How Words Change as a Song Progresses
by Gary Ewer
Over the 4 minutes of a good song, it’s normal for some things to stay the same while other things change. The kinds of things that usually get set up at the beginning and resist change would be the tempo and the basic feel of the song. The kinds of things that change would be the chord progressions, the melodies, and of course the lyrics.
How do they change? Typically, they change depending on the song’s section. A verse melody tends to be lower in pitch than a chorus melody. A verse chord progression tends to be longer and have a more “wandering” quality than a chorus progression, which is usually shorter and tonally stronger.
And you become aware that the kinds of words—the way you’d say something – will be different in a chorus than in a verse. It may not be something you’ve noticed before, but if you struggle with words, and getting your lyric to sound strong and to have an impact, you’ve got to know how words change over the length of a song.
Song lyrics can be neatly categorized as being narrative, describing people, situations and circumstances, or emotional, expressing feelings and reactions to whatever the story has been about.
In general, the telling of the story or describing of circumstances happens in a verse. So you’ll want to use your verse to set up a good story, and keep emotion to a minimum.

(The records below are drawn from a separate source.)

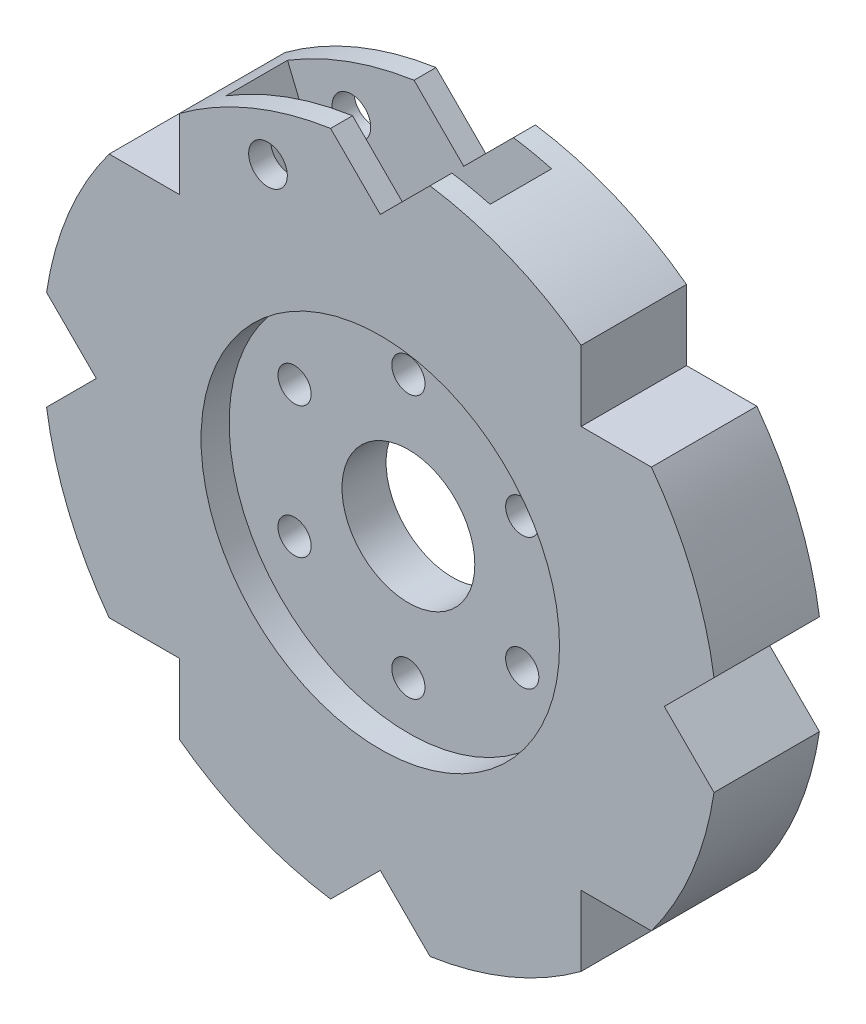
SolidWorks part; units mm, degrees
material "PE High Density Film"
ref_plane "Front Plane" through (0, 0, 0) normal (0, 0, 1) x (1, 0, 0)
ref_plane "Top Plane" through (0, 0, 0) normal (0, 1, 0) x (1, 0, 0)
ref_plane "Right Plane" through (0, 0, 0) normal (1, 0, 0) x (0, 0, -1)
sketch "Sketch1" plane through (0, 0, 0) normal (0, 0, 1) x (1, 0, 0)
  line L0 (0, 0) -> (0, 60.96) construction
  line L1 (-8.9803, 60.2949) -> (0, 51.3147)
  line L2 (0, 51.3147) -> (8.9803, 60.2949)
  line L3 (36.2849, 48.9849) -> (36.2849, 36.2849)
  line L4 (36.2849, 36.2849) -> (48.9849, 36.2849)
  line L5 (60.2949, 8.9803) -> (51.3147, 0)
  line L6 (51.3147, 0) -> (60.2949, -8.9803)
  line L7 (48.9849, -36.2849) -> (36.2849, -36.2849)
  line L8 (36.2849, -36.2849) -> (36.2849, -48.9849)
  line L9 (8.9803, -60.2949) -> (0, -51.3147)
  line L10 (0, -51.3147) -> (-8.9803, -60.2949)
  line L11 (-36.2849, -48.9849) -> (-36.2849, -36.2849)
  line L12 (-36.2849, -36.2849) -> (-48.9849, -36.2849)
  line L13 (-60.2949, -8.9803) -> (-51.3147, 0)
  line L14 (-51.3147, 0) -> (-60.2949, 8.9803)
  line L15 (-48.9849, 36.2849) -> (-36.2849, 36.2849)
  line L16 (-36.2849, 36.2849) -> (-36.2849, 48.9849)
  arc A0 (-60.2949, -8.9803) -> (-48.9849, -36.2849) centre (0, 0) ccw
  arc A1 (-48.9849, 36.2849) -> (-60.2949, 8.9803) centre (0, 0) ccw
  arc A2 (-36.2849, -48.9849) -> (-8.9803, -60.2949) centre (0, 0) ccw
  arc A3 (8.9803, -60.2949) -> (36.2849, -48.9849) centre (0, 0) ccw
  arc A4 (48.9849, -36.2849) -> (60.2949, -8.9803) centre (0, 0) ccw
  arc A5 (60.2949, 8.9803) -> (48.9849, 36.2849) centre (0, 0) ccw
  arc A6 (36.2849, 48.9849) -> (8.9803, 60.2949) centre (0, 0) ccw
  arc A7 (-8.9803, 60.2949) -> (-36.2849, 48.9849) centre (0, 0) ccw
  point P30 (0, 0)
  dimension "D1" = 121.92
  dimension "D2" = 45
  dimension "D3" = 12.7
  dimension "D4" = 8
extrude "Boss-Extrude1" add sketch "Sketch1" along normal blind 19.05
sketch "Sketch2" plane through (0, 0, 19.05) normal (0, 0, 1) x (1, 0, 0)
  circle A0 centre (0, 0) radius 12
  dimension "D1" = 24
extrude "Cut-Extrude1" cut sketch "Sketch2" against normal through all contours A0 region at (0, 0, 19.05)
sketch "Sketch3" plane through (0, 0, 19.05) normal (0, 0, 1) x (1, 0, 0)
  circle A0 centre (0, 0) radius 32.385
  dimension "D1" = 64.77
extrude "Cut-Extrude2" cut sketch "Sketch3" against normal blind 5.08
sketch "Sketch4" plane through (0, 0, 0) normal (0, 0, -1) x (-1, 0, 0)
  circle A0 centre (0, 0) radius 28.4
  dimension "D1" = 56.8
extrude "Cut-Extrude3" cut sketch "Sketch4" against normal blind 6
sketch "Sketch5" plane through (0, 0, 6) normal (0, 0, -1) x (-1, 0, 0)
  line L0 (0, 0) -> (0, 23.75) construction
  circle A0 centre (0, 0) radius 23.75 construction
  circle A1 centre (0, 23.75) radius 2.6
  circle A2 centre (20.5681, 11.875) radius 2.6
  circle A3 centre (20.5681, -11.875) radius 2.6
  circle A4 centre (0, -23.75) radius 2.6
  circle A5 centre (-20.5681, -11.875) radius 2.6
  circle A6 centre (-20.5681, 11.875) radius 2.6
  point P17 (0, 0)
  dimension "D1" = 47.5
  dimension "D2" = 5.2
  dimension "D3" = 6
hole_wizard "Ø6.0mm Dowel Hole1" positions "Sketch6" profile "Sketch8" hole size "Ø6.0" standard "ANSI Metric" end condition through all
sketch "Sketch6" plane through (0, 0, 6) normal (0, 0, -1) x (-1, 0, 0)
  point P0 (0, 23.75)
  point P3 (20.5681, 11.875)
  point P6 (20.5681, -11.875)
  point P9 (0, -23.75)
  point P13 (-20.5681, 11.875)
  point P16 (-20.5681, -11.875)
sketch "Sketch8" plane through (0, 23.75, 6) normal (1, 0, 0) x (0, 1, 0)
  line L0 (0, 0) -> (0, 13.05)
  line L1 (0, 13.05) -> (3, 13.05)
  line L2 (3, 13.05) -> (3, 0)
  line L5 (3, 0) -> (0, 0)
  line L11 (0, -6.35) -> (0, 107.95) construction
  dimension "Thru Hole Dia." = 6
  dimension "Thru Hole Depth" = 13.05
ref_plane "Plane1" through (0, 0, 9.525) normal (0, 0, -1) x (-1, 0, 0)
sketch "Sketch9" plane through (0, 0, 9.525) normal (0, 0, -1) x (-1, 0, 0)
  line L0 (0, 0) -> (23.3284, 56.3197) construction
  line L1 (20.2908, 48.9864) -> (11.4909, 52.6315) construction
  line L2 (17.2533, 41.6531) -> (8.4533, 45.2982)
  line L3 (8.4533, 45.2982) -> (14.5284, 59.9648)
  line L4 (14.5284, 59.9648) -> (32.1283, 52.6746)
  line L5 (32.1283, 52.6746) -> (26.0532, 38.008)
  line L6 (26.0532, 38.008) -> (17.2533, 41.6531)
  arc A0 (36.2849, 48.9849) -> (8.9803, 60.2949) centre (0, 0) ccw construction
  circle A1 centre (20.2908, 48.9864) radius 3.4925
  point P11 (0, 0)
  dimension "D1" = 6.985
  dimension "D2" = 7.9375
  dimension "D3" = 19.05
extrude "Cut-Extrude4" cut sketch "Sketch9" against normal mid plane 11.1125
sketch "Sketch10" plane through (0, 0, 0) normal (0, 0, -1) x (-1, 0, 0)
  circle A0 centre (20.2908, 48.9864) radius 3.4925
  circle A1 centre (20.2908, 48.9864) radius 3.4925 construction
extrude "Cut-Extrude5" cut sketch "Sketch10" against normal through all
sketch "Sketch11" plane through (0, 0, 9.525) normal (0, 0, -1) x (-1, 0, 0)
  line L0 (0, 0) -> (0, 50.8) construction
  line L1 (0, 38.1) -> (-15.875, 38.1)
  line L2 (-15.875, 38.1) -> (-15.875, 63.5)
  line L3 (-15.875, 63.5) -> (15.875, 63.5)
  line L4 (15.875, 63.5) -> (15.875, 38.1)
  line L5 (15.875, 38.1) -> (0, 38.1)
  line L6 (0, 50.8) -> (-15.875, 50.8) construction
  line L7 (0, 0) -> (25.4, 0) construction
  dimension "D1" = 25.4
  dimension "D2" = 90
  dimension "D3" = 31.75
  dimension "D4" = 25.4
  dimension "D5" = 50.8
extrude "Cut-Extrude6" cut sketch "Sketch11" against normal mid plane 11.1125
equation "\"D2@Sketch9\"=0.3125"

The verse lyric of Gotye’s “Somebody That I Used to Know” is a great example. He uses the verse to sing about a situation that is, at its core, quite emotional, but he keeps that emotion controlled and minimal:
Now and then I think of when we were together
Like when you said you felt so happy you could die
Told myself that you were right for me
But felt so lonely in your company
But that was love and it's an ache I still remember.
As you can see, there is emotion, but it's controlled and measured.
A good chorus lyric allows the listener to generate and enjoy emotions that come from the story that’s been set up in the verse. That chorus lyric may add to the story, but its chief responsibility is to allow the listener to feel something. So that’s why you so often see exclamations (“Ooooh”, “yeah, yeah, yeah…”, or “whoa.” You’ll also see that a chorus lyric might use a catchy lyrical hook (“Ah, ha, ha, ha, stayin’ alive, stayin’ alive”), but in any case, its main responsibility is to have the audience feel something emotional.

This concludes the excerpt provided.